* _EXERCISE_:
Word for word, repeat the lines of the records from the first line up to and including the line that contains "- added C6: 1uF, symbol Device:C_Small", passing over any pictures.

* _MATERIAL FOR THIS EXERCISE_:
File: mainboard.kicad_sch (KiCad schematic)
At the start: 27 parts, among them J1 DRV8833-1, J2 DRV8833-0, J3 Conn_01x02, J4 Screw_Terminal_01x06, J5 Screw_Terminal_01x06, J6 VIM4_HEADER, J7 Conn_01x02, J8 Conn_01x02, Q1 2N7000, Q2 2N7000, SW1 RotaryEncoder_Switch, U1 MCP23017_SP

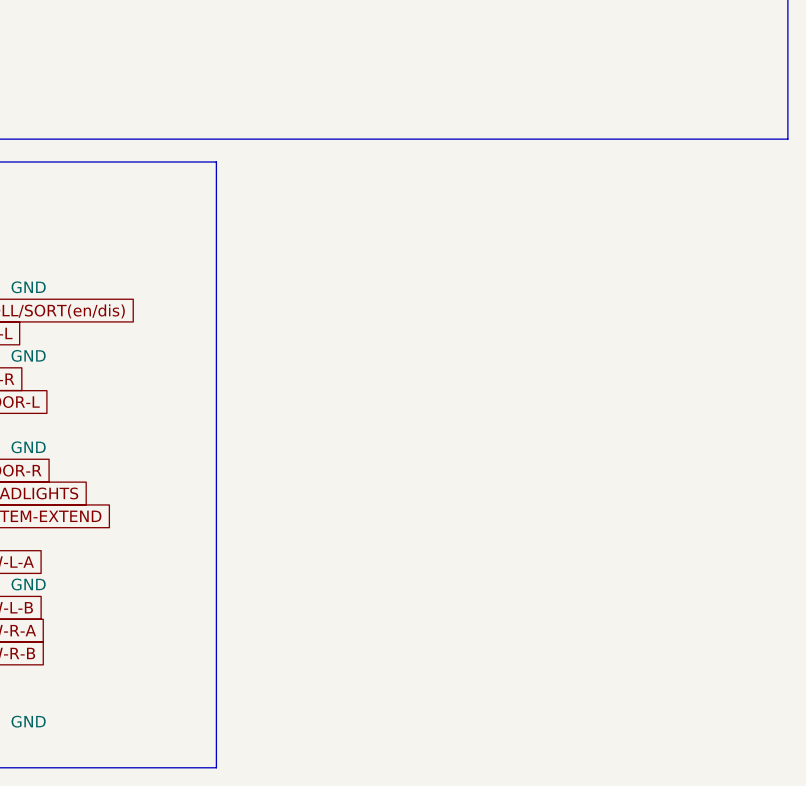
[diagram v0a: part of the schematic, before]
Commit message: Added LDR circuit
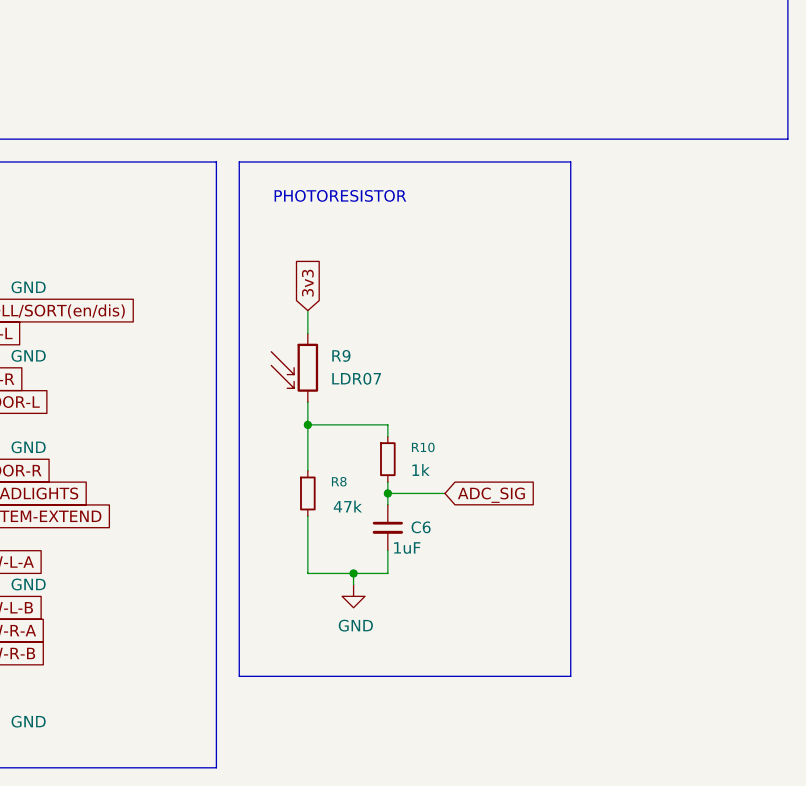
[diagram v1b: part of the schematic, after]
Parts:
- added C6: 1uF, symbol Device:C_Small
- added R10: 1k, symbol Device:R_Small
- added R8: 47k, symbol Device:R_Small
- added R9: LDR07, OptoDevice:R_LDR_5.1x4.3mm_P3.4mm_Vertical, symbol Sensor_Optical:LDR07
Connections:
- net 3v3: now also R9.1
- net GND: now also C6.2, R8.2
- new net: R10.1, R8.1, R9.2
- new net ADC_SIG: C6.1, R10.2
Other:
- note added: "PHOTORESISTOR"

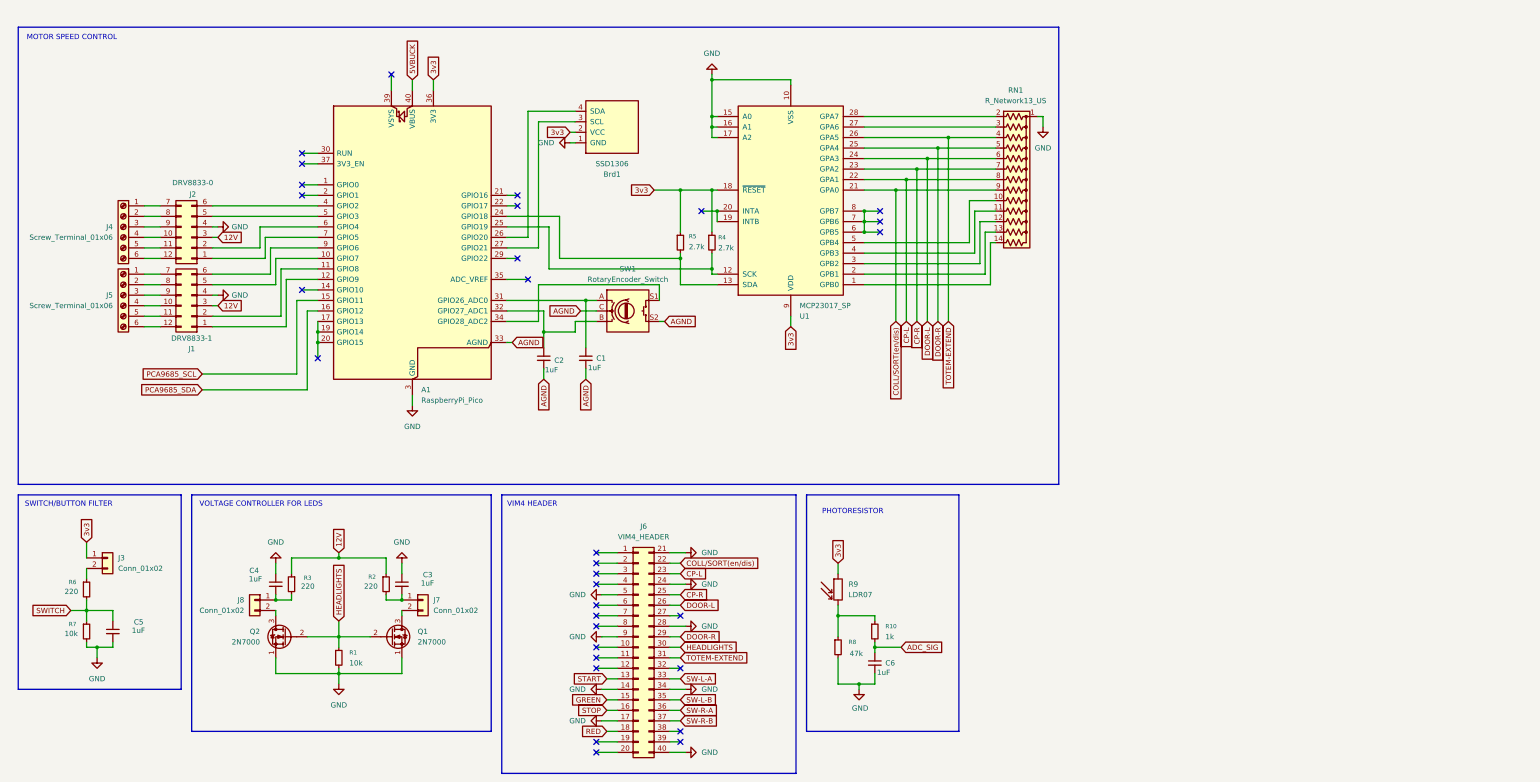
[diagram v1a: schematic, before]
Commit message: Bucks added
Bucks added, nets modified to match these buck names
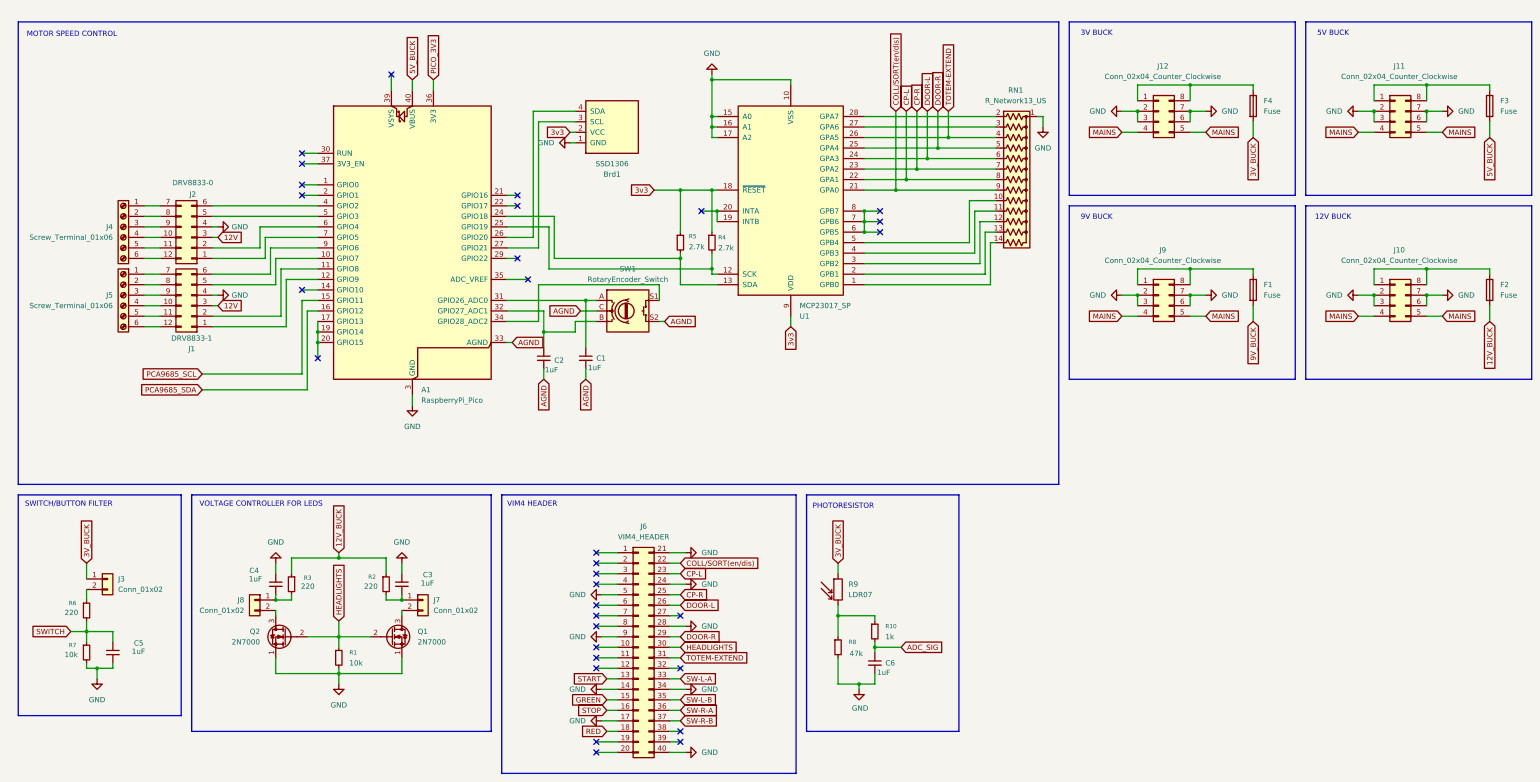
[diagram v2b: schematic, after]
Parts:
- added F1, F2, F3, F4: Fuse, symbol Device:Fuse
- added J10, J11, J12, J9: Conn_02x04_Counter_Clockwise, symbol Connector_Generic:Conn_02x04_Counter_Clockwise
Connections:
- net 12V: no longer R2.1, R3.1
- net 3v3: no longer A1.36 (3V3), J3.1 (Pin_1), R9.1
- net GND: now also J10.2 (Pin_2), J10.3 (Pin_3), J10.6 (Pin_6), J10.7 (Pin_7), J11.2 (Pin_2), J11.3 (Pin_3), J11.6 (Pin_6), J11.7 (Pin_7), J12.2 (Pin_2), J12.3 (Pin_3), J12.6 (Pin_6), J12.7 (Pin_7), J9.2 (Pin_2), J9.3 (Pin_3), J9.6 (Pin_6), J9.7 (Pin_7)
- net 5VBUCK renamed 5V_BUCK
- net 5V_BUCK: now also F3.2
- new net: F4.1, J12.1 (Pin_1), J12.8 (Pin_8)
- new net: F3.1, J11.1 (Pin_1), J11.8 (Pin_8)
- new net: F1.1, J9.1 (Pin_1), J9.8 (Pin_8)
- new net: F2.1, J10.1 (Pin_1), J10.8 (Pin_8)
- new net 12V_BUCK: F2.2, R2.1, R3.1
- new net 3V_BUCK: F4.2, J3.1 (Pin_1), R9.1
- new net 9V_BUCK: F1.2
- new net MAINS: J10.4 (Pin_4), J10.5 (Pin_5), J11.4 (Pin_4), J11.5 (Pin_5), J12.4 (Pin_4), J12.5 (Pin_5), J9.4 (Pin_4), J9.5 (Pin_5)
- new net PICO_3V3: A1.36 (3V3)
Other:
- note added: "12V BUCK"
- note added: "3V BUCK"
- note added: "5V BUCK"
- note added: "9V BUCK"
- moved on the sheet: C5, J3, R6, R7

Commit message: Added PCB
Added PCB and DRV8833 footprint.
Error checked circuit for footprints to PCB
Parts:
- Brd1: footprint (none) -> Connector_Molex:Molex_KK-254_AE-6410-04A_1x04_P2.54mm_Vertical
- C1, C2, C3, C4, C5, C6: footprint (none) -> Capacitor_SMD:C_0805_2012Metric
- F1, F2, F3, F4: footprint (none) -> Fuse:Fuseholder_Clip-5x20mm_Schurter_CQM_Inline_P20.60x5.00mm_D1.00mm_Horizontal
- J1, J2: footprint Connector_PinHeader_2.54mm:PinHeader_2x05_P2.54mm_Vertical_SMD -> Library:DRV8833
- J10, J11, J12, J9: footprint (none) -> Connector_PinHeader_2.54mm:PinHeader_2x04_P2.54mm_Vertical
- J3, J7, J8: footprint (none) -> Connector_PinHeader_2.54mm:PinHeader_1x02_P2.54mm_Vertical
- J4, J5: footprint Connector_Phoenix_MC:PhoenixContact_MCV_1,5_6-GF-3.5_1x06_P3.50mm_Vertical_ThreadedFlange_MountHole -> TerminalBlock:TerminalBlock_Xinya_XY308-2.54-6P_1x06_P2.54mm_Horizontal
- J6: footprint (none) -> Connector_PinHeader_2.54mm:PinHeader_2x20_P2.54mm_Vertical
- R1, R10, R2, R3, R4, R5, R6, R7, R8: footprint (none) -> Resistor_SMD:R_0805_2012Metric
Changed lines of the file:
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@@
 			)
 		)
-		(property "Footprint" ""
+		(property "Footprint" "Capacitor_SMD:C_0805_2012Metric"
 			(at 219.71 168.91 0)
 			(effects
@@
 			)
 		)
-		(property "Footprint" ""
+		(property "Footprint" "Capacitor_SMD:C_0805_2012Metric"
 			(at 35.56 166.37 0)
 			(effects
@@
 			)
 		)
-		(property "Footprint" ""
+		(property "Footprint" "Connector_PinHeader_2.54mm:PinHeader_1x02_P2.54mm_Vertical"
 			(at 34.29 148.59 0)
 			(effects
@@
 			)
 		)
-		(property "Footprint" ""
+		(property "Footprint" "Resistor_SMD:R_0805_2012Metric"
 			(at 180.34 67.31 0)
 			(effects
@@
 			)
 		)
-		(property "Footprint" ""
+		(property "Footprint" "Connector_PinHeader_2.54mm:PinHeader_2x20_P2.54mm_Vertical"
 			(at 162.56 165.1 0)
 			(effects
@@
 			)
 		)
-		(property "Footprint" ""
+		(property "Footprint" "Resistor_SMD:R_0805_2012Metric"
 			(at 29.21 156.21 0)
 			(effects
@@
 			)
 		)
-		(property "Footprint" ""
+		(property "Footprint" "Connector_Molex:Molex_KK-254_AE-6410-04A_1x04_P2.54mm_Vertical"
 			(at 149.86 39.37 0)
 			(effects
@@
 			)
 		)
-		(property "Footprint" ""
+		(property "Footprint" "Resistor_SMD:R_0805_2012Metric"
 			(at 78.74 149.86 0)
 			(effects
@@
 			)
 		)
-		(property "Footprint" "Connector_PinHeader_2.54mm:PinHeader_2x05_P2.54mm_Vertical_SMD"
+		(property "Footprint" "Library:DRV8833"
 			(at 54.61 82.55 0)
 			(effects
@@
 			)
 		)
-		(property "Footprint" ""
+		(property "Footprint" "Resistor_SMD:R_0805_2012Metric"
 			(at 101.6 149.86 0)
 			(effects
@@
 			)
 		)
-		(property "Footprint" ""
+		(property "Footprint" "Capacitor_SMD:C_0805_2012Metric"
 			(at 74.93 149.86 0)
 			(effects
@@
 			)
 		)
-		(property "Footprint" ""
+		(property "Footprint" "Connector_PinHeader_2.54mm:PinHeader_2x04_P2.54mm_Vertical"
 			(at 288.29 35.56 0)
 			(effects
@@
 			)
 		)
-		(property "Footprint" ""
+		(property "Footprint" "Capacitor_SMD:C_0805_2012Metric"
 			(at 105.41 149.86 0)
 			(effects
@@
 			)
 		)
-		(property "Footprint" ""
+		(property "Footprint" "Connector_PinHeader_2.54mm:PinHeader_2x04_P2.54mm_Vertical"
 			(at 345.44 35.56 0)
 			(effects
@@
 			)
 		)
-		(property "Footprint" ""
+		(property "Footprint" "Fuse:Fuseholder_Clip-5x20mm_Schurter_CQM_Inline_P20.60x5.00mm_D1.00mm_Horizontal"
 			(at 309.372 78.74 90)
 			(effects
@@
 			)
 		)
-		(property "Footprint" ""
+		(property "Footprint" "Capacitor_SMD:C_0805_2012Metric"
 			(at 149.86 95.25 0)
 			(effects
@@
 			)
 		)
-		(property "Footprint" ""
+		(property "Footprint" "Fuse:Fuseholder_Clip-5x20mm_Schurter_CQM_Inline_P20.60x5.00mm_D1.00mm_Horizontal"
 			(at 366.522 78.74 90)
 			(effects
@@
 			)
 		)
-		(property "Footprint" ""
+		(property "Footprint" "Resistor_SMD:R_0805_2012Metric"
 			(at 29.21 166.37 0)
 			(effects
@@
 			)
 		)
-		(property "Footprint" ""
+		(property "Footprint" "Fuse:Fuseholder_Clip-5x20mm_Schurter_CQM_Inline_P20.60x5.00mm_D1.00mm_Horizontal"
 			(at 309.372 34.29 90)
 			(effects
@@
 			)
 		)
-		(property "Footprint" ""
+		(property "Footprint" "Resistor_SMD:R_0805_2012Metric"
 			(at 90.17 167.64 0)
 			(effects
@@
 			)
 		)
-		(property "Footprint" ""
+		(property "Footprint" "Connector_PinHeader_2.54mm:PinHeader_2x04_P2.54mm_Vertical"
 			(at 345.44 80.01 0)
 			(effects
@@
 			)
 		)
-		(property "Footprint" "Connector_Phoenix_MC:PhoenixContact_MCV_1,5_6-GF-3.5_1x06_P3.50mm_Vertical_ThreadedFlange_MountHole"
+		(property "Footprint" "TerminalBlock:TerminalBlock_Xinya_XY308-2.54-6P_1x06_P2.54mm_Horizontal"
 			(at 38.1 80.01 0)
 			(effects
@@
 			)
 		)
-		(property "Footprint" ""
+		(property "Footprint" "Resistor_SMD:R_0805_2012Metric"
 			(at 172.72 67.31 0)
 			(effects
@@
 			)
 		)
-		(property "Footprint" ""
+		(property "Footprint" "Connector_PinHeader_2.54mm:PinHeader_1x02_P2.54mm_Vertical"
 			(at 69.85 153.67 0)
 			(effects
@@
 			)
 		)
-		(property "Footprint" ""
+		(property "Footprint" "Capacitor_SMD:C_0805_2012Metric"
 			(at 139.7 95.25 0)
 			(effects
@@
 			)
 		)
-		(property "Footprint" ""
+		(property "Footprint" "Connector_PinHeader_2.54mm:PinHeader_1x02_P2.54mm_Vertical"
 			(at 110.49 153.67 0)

* _SOLUTION FOR THIS TASK_:
File: mainboard.kicad_sch (KiCad schematic)
At the start: 27 parts, among them J1 DRV8833-1, J2 DRV8833-0, J3 Conn_01x02, J4 Screw_Terminal_01x06, J5 Screw_Terminal_01x06, J6 VIM4_HEADER, J7 Conn_01x02, J8 Conn_01x02, Q1 2N7000, Q2 2N7000, SW1 RotaryEncoder_Switch, U1 MCP23017_SP

[diagram v0a: part of the schematic, before]
Commit message: Added LDR circuit
[diagram v1b: part of the schematic, after]
Parts:
- added C6: 1uF, symbol Device:C_Small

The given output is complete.